P – Como você se sente na qualidade de poeta?

 

R – Sinto-me um lobo solitário e maldito das estepes, nas quais nunca estive, açoitado pelos estiletes do vento e do frio, uivando para a lua que jamais verei, porque para não a ver meus próprios olhos ceguei. Sinto-me um cão danado, condenado por si mesmo a uma eternidade de trabalho forçado. Sou um judeu errante e sem remissão, fugindo sempre de si mesmo, por sobre desertos de areia e de gelo. Sou um poeta maldito até a infinita geração e um cosmopolita proscrito das fronteiras do tudo e do nada.

 

P – Para você o que é um verdadeiro poeta?

 

R – É um Prometeu acorrentado, dilacerado pelas aves agourentas e de rapinas, que saíram de seu cérebro, caldeirão vulcânico, em contínua erupção, a vomitar monstros e fantasmas de milhares de membros e cabeças.

 

 

P – Como é o coração de um poeta?

 

R – É uma moeda de várias faces, mas de um só sentimento, o amor.

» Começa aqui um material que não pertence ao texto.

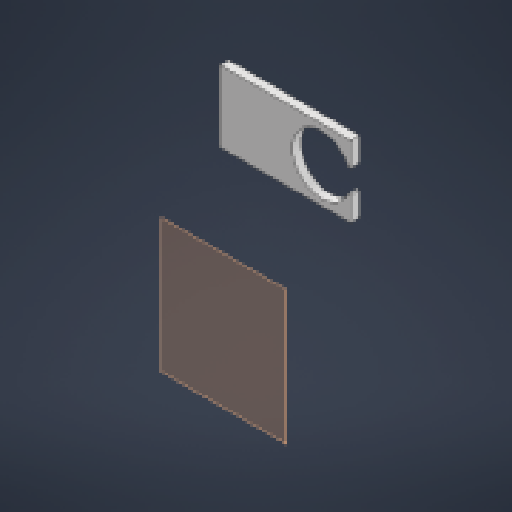
# Autodesk Inventor part: servo_holder
Saved by Autodesk Inventor 2024 (Build 280153000, 153)
## iProperties
Created: 2026-03-28
Part Number: servo_holder
Material: Generic
Document SubType Name: Modeling
Designer: schar
Density: 1 g/cm^3
Appearance: Default
Author: schar
Autodesk Inventor part; units mm, degrees
ref_plane "YZ Plane" through (0, 0, 0) normal (1, 0, 0) x (0, 1, 0)
ref_plane "XZ Plane" through (0, 0, 0) normal (0, 1, 0) x (-1, 0, 0)
ref_plane "XY Plane" through (0, 0, 0) normal (0, 0, 1) x (1, 0, 0)
ref_plane "Work Plane1" through (-30.9, -52.9315, 23.6) normal (0, 0, 1) x (0, -1, 0)
sketch "Sketch1" plane through (-30.9, -52.9315, 23.6) normal (0, 0, 1) x (0, -1, 0)
  circle A0 centre (-52.9315, 56.4) radius 1.3 projected
  circle A1 centre (-52.9315, 56.4) radius 9.6 projected
  line L0 (-65.1519, 50.7075) -> (-65.1519, 23.4294) projected
  line L1 (-65.2915, 23.2898) -> (-65.2915, 63.0172) projected
  arc A2 (-64.7058, 64.4313) -> (-65.2915, 63.0172) centre (-63.2917, 63.0172) ccw projected
  line L2 (-61.7987, 66.51) -> (-44.0643, 66.51) projected
  line L3 (-40.5715, 63.0172) -> (-40.5715, 23.2898) projected
  line L4 (-63.2933, 21.2883) -> (-42.5697, 21.2883) projected
  line L5 (-42.5697, 21.2883) -> (-37.8441, 21.2883)
  line L6 (-40.5715, 23.2898) -> (-40.5715, 18.074)
  line L7 (-63.2933, 21.2883) -> (-67.0577, 21.2883)
  line L8 (-65.2915, 23.2898) -> (-65.2915, 18.9646)
  line L9 (-65.2915, 63.0172) -> (-65.2915, 68.4057)
  line L10 (-61.7987, 66.51) -> (-67.4524, 66.51)
  line L11 (-40.5715, 63.0172) -> (-40.5715, 69.9342)
  line L12 (-44.0643, 66.51) -> (-38.7131, 66.51)
  circle A3 centre (-52.9315, 56.4) radius 10.1
  line L13 (-52.9315, 66.5) -> (-48.9315, 66.51)
  line L14 (-48.9315, 66.51) -> (-48.9294, 65.6733)
  line L15 (-52.9315, 66.5) -> (-56.9315, 66.51)
  line L16 (-56.9315, 66.51) -> (-56.9336, 65.6733)
  point P0 (-52.9315, 30.9)
  point P1 (-65.2915, 21.2883)
  point P2 (-40.5715, 21.2883)
  point P3 (-40.5715, 66.51)
  point P4 (-65.2915, 66.51)
  dimension "d0" = 20.2
  dimension "d1" = 4
  dimension "d2" = 4
  constraints: 24 end point, 3 horizontal, 3 perpendicular, 3 point on circle, 3 vertical, 2 point on line, 1 centre point, 1 coincident
  measures "d0" diameter of A3
  measures "d1" distance of L13.start L13.end
  measures "d2" distance of L13.start L15.end
extrude "Extrusion1" add sketch "Sketch1" along normal blind 3 contours L1 L9 L10 L2 L16 A3 L14 L12 L11 L3 L6 L5 L4 L7 L8
sketch "Sketch2" plane through (-30.9, -52.9315, 26.6) normal (0, 0, 1) x (1, 0, 0)
  circle A0 centre (81.5325, 36.2648) radius 2.15 projected
  circle A1 centre (91.5325, 18.9443) radius 2.15 projected
  line L0 (80.8626, 47.4251) -> (72.2024, 42.4251) projected
  line L1 (80.8626, 47.4251) -> (100.8626, 12.7841) projected
  line L2 (92.2024, 7.7841) -> (100.8626, 12.7841) projected
  line L3 (72.2024, 42.4251) -> (92.2024, 7.7841) projected
  circle A2 centre (58.2675, 83.0302) radius 2.15 projected
  circle A3 centre (68.2675, 100.3507) radius 2.15 projected
  line L4 (48.9374, 76.87) -> (57.5976, 71.87) projected
  line L5 (48.9374, 76.87) -> (68.9374, 111.511) projected
  line L6 (77.5976, 106.511) -> (68.9374, 111.511) projected
  line L7 (57.5976, 71.87) -> (77.5976, 106.511) projected
  circle A4 centre (29.4, 39.6495) radius 2.15 projected
  circle A5 centre (9.4, 39.6495) radius 2.15 projected
  line L8 (39.4, 34.6495) -> (39.4, 44.6495) projected
  line L9 (39.4, 34.6495) -> (-0.6, 34.6495) projected
  line L10 (-0.6, 44.6495) -> (-0.6, 34.6495) projected
  line L11 (39.4, 44.6495) -> (-0.6, 44.6495) projected
  line L12 (48.9374, 76.87) -> (42.2526, 65.2915)
  line L13 (66.51, 65.2915) -> (21.2883, 65.2915) projected
  line L14 (57.5976, 71.87) -> (53.7996, 65.2915)
  line L15 (72.2024, 42.4251) -> (66.51, 42.4251)
  line L16 (66.51, 40.5715) -> (66.51, 48.9315) projected
  line L17 (80.8626, 47.4251) -> (76.0949, 48.9315)
  line L18 (76.0949, 48.9315) -> (66.51, 48.9315)
  line L19 (19.4, 44.6495) -> (19.4, 34.6495)
  line L20 (-0.6, 44.6495) -> (21.2883, 65.2915)
  line L21 (19.4, 44.6495) -> (21.2883, 46.4303)
  line L22 (21.2883, 65.2915) -> (21.2883, 40.5715) projected
  point P0 (30.9, 52.9315)
  dimension "d5" = 5
  constraints: 16 end point, 4 point on line, 2 collinear, 2 horizontal, 2 midpoint, 1 parallel
  measures "d5" distance of L0.start L17.end
ref_plane "Work Plane2" through (8.0374, 16.4384, 38.8317) normal (0, 0, -1) x (0.5, 0.8660254, 0)
extrude "Extrusion2" add sketch "Sketch2" along normal up to surface (12.2317 mm away) contours L1 L2 L3 L0 | L0 L15 L16 L18 L17 | L5 L6 L7 L4 | L4 L14 L13 L12 | L9 L10 L11 L19 | L11 L20 L22 L21
sketch "Sketch3" plane through (-31.5, -18.282, 38.8317) normal (0, 0, 1) x (1, 0, 0)
  circle A0 centre (30, 5) radius 2.15 projected
  circle A1 centre (10, 5) radius 2.15 projected
  line L0 (40, 0) -> (40, 10) projected
  line L1 (40, 0) -> (0, 0) projected
  line L2 (0, 10) -> (0, 0) projected
  line L3 (40, 10) -> (0, 10) projected
  line L4 (20, 0) -> (20, 10) projected
  line L5 (20, 0) -> (20, 10)
  point P0 (31.5, 18.282)
  constraints: 2 end point, 1 midpoint, 1 vertical
extrude "Extrusion3" add sketch "Sketch3" against normal blind 4 contours L1 L4 L3 L0
sketch "Sketch4" plane through (35.61, 4, 23.6) normal (1, 0, 0) x (0, 0, -1)
  line L0 (-3, 8.36) -> (0, 8.36)
  line L1 (0, 8.36) -> (0, -16.36)
  line L2 (0, -16.36) -> (-3, -16.36)
  line L3 (-3, -16.36) -> (-3, 8.36)
  point P0 (23.6, -4)
  constraints: 8 end point, 2 parallel, 1 horizontal, 1 perpendicular
extrude "Extrusion4" add sketch "Sketch4" along normal blind 10
sketch "Sketch5" plane through (45.61, 4, 23.6) normal (1, 0, 0) x (0, 0, -1)
  line L0 (-3, -8) -> (-15.2317, -8) projected
  line L1 (-3, 8.36) -> (-3, -8.1311) projected
  line L2 (-15.2317, -8) -> (-3, 8.36)
  point P0 (23.6, -4)
  constraints: 2 end point
extrude "Extrusion5" add sketch "Sketch5" against normal up to surface (10 mm away)
sketch "Sketch6" plane through (38.0374, 58.5795, 26.6) normal (-0.8660254, 0.5, 0) x (0, 0, 1)
  line L0 (0, -53.3696) -> (0, -63.8518) projected
  line L1 (0, -53.3696) -> (0, -65.3696)
  line L2 (12.2317, 0) -> (12.2317, -53.3696) projected
  line L3 (0, -65.3696) -> (12.2317, -53.3696)
  line L4 (0, -53.3696) -> (12.2317, -53.3696) projected
  line L5 (0, -47.5961) -> (12.2317, -47.5961) projected
  line L6 (0, 0) -> (0, -53.3696) projected
  point P0 (-26.6, -69.75)
  point P1 (49.125, -56.6968)
  point P2 (0, -63.8518)
  dimension "d14" = 12
  constraints: 4 end point, 1 collinear, 1 other
  measures "d14" distance of L0.start L1.end
extrude "Extrusion6" add sketch "Sketch6" against normal blind 10
sketch "Sketch7" plane through (-9.6117, 12.36, 26.6) normal (0, 1, 0) x (1, 0, 0)
  line L0 (0, 0) -> (0, -12.2317) projected
  line L1 (0, -12.2317) -> (11.8061, 0)
  line L2 (0, 0) -> (51.9842, 0) projected
  line L3 (0, 3) -> (0, 0) projected
  line L4 (11.8061, 0) -> (0, 0)
  point P0 (9.6117, 26.6)
  dimension "d17" = 17
  constraints: 4 end point, 1 perpendicular, 1 point on line
  measures "d17" distance of L0.end L1.end
extrude "Extrusion7" add sketch "Sketch7" against normal up to surface surface through (-11.5, -8.282, 26.6) normal (0.686092, -0.7275148, 0)
sketch "Sketch8" plane through (-30.9, -52.9315, 23.6) normal (0, 0, -1) x (-1, 0, 0)
  circle A0 centre (-23.65, 63.1815) radius 1
  circle A1 centre (-23.65, 42.6815) radius 0.8
  circle A2 centre (-23.65, 63.1815) radius 0.8
  circle A3 centre (-48.1, 42.6815) radius 0.8
  circle A4 centre (-27.4, 42.6815) radius 0.8
  circle A5 centre (-27.4, 63.1815) radius 0.8
  circle A6 centre (-48.1, 63.1815) radius 0.8
  point P0 (-30.9, 52.9315)
extrude "Extrusion8" cut sketch "Sketch8" against normal through all contours A1 | A2 | A3 | A4 | A5 | A6
sketch "Sketch9" plane through (-30.9, -52.9315, 23.6) normal (0, 0, -1) x (-1, 0, 0)
  point P0 (-30.9, 52.9315)
sketch "Sketch10" plane through (-9.6117, -12.36, 23.6) normal (-1, 0, 0) x (0, 0, 1)
  line L0 (-1.1, 2.36) -> (-1.1, 0.9818) projected
  line L1 (-1.1, 5.36) -> (-0.2134, 5.4376) projected
  line L2 (-0.2134, 19.2824) -> (-1.1, 19.36) projected
  line L3 (-1.1, 20.21) -> (-1.1, 22.36) projected
  line L4 (-1.1, 23.7382) -> (-1.1, 22.36) projected
  line L5 (-1.1, 2.36) -> (-1.1, 4.51) projected
  line L6 (-1.1, 5.3728) -> (-1.1, 4.51) projected
  line L7 (-1.1, 20.21) -> (-1.1, 19.3472) projected
  line L8 (0, 22.46) -> (0, 2.26) projected
  line L9 (-1.1, 5.3728) -> (-1.1, 0.9818)
  line L10 (0, 0) -> (-1.1, 0)
  line L11 (-1.1, 0) -> (-1.1, 0.9818)
  line L12 (-1.1, 5.36) -> (0, 5.4562)
  line L13 (0, 0) -> (0, 5.4562)
  line L14 (-1.1, 19.36) -> (0, 19.2638)
  line L15 (0, 0) -> (0, 24.72) projected
  line L16 (0, 19.2638) -> (0, 24.72)
  line L17 (0, 24.72) -> (-1.1, 24.72)
  line L18 (-1.1, 24.72) -> (-1.1, 19.36)
  line L19 (-0.9176, 19.344) -> (-0.9089, 19.444)
  line L20 (-1.3675, 19.4842) -> (0.1907, 19.3478)
  line L21 (-0.6159, 5.4023) -> (-0.6072, 5.3023)
  line L22 (-1.5011, 5.2241) -> (0.1823, 5.3714)
  point P0 (-23.6, 12.36)
  point P1 (0, 8.3579)
  point P2 (0, 16.3621)
  point P3 (0, 2.26)
  point P4 (0, 5.3555)
  point P5 (-1.1, 5.2592)
  point P6 (-1.1, 19.4608)
  point P7 (0, 19.3645)
  dimension "d22" = 0.1
  dimension "d23" = 0.1
  constraints: 26 end point, 8 point on line, 6 perpendicular, 3 collinear, 2 vertical, 1 parallel
  measures "d22" vertical distance of L19.end L19.start
  measures "d23" vertical distance of L21.start L21.end
extrude "Extrusion9" add sketch "Sketch10" against normal up to surface (45.2217 mm away) contours L5 L6 L22 L8 L13 L10 L11 L0 | L20 L7 L3 L4 L18 L17 L15 L8
sketch "Sketch11" plane through (-30.9, -52.9315, 26.6) normal (0, 0, 1) x (1, 0, 0)
  circle A0 centre (48.1, 42.6815) radius 0.8 projected
  circle A1 centre (27.4, 42.6815) radius 0.8 projected
  circle A2 centre (23.65, 42.6815) radius 0.8 projected
  circle A3 centre (23.65, 63.1815) radius 0.8 projected
  circle A4 centre (27.4, 63.1815) radius 0.8 projected
  circle A5 centre (48.1, 63.1815) radius 0.8 projected
  point P0 (30.9, 52.9315)
extrude "Extrusion10" cut sketch "Sketch11" against normal through all
sketch "Sketch12" plane through (-31.5, -18.282, 34.8317) normal (0, 0, -1) x (-1, 0, 0)
  circle A0 centre (-28, 8.032) radius 0.8 projected
  circle A1 centre (-24.25, 8.032) radius 0.8 projected
  line L0 (-20, 10) -> (-40, 10) projected
  line L1 (-40, 10) -> (-40, 0) projected
  line L2 (-40, 0) -> (-20, 0) projected
  line L3 (-20, 10) -> (-20, 0) projected
  circle A2 centre (-30, 5) radius 2.15 projected
  point P0 (-31.5, 18.282)
ref_plane "Work Plane3" through (-35.8301, -35.6025, 38.9818) normal (0, 0, -1) x (0, 1, 0)
extrude "Extrusion11" add sketch "Sketch12" against normal up to surface (4.15 mm away) contours A0 | A1
sketch "Sketch13" plane through (-9.6117, -12.36, 22.5) normal (0, 0, -1) x (-1, 0, 0)
  circle A0 centre (-35.1117, 12.36) radius 1.3 projected
  circle A1 centre (-35.1117, 12.36) radius 10.1
  point P0 (-9.6117, 12.36)
  constraints: 1 centre point, 1 coincident
extrude "Extrusion12" cut sketch "Sketch13" against normal through all
body "Solid1"

É uma moenda por onde escorrem sentimentos e emoções. Pedra mó, pedra moenda, pedra moendo e remoendo dores e angústias em seu batuque, puro silêncio. É uma catedral cheia de colunas e fantasmas, onde os sinos repicam sem sineiros, no triste chamado sem resposta. É um saco de pancadas e é um tapete persa, muitas vezes pisoteado e tripudiado por frívolas mulheres. É uma bomba-incendiária, mas muitas vezes serve de bobo da corte para os fúteis e vulgares.

 

P – Como você sente o tempo passado?

 

R – O tempo perdido inverte a rota da ampulheta e retorna intacto, como se jamais deixasse de ter existido. O tempo se embaralha sem passado, sem futuro e sem presente, e as recordações comovem tanto, que a própria alma de tanto sentir não se sente e evola para um tempo sepulto pela areia da ampulheta. A memória é uma lâmina de desassossego, cornucópia insana e insaciável, a jorrar o passado, que não morre nunca, sempre ressuscitado no eterno regresso a nós mesmos. O passado, poderoso e renitente, retorna e continua vívido e presente, se contorcendo, se retorcendo e se reacontecendo. Ah, as carnes pulsantes de um passado sempre lembrado...

 

P – Você é um ególatra?

 

R – Não sei. Talvez. Talvez, não. Eu, vendo a minha imagem refletida no espelho não mágico de meu quarto, curvo-me a mim mesmo, como um eunuco do harém perante o sultão. E aquela imagem, curva ante mim, é a minha maior homenagem, que me presto. Eu me aproximo do espelho, até que a minha imagem egocêntrica seja projetada no infinito.

 

P – Como você se sente no mundo?

 

R – Preso no ventre estreito do universo tenho um acesso de claustrofobia. Teimoso como um joão-teimoso, nasci prematuramente e morrerei depois da hora. Guiado por cego e conversando com surdo-mudo, fui tachado de débil mental. Mas isto é um eufemismo, eu sou mesmo é um doido varrido, por força da necessidade. Além de tudo, sou triste. Mas eu vejo a tristeza como lágrimas nos olhos do diabo.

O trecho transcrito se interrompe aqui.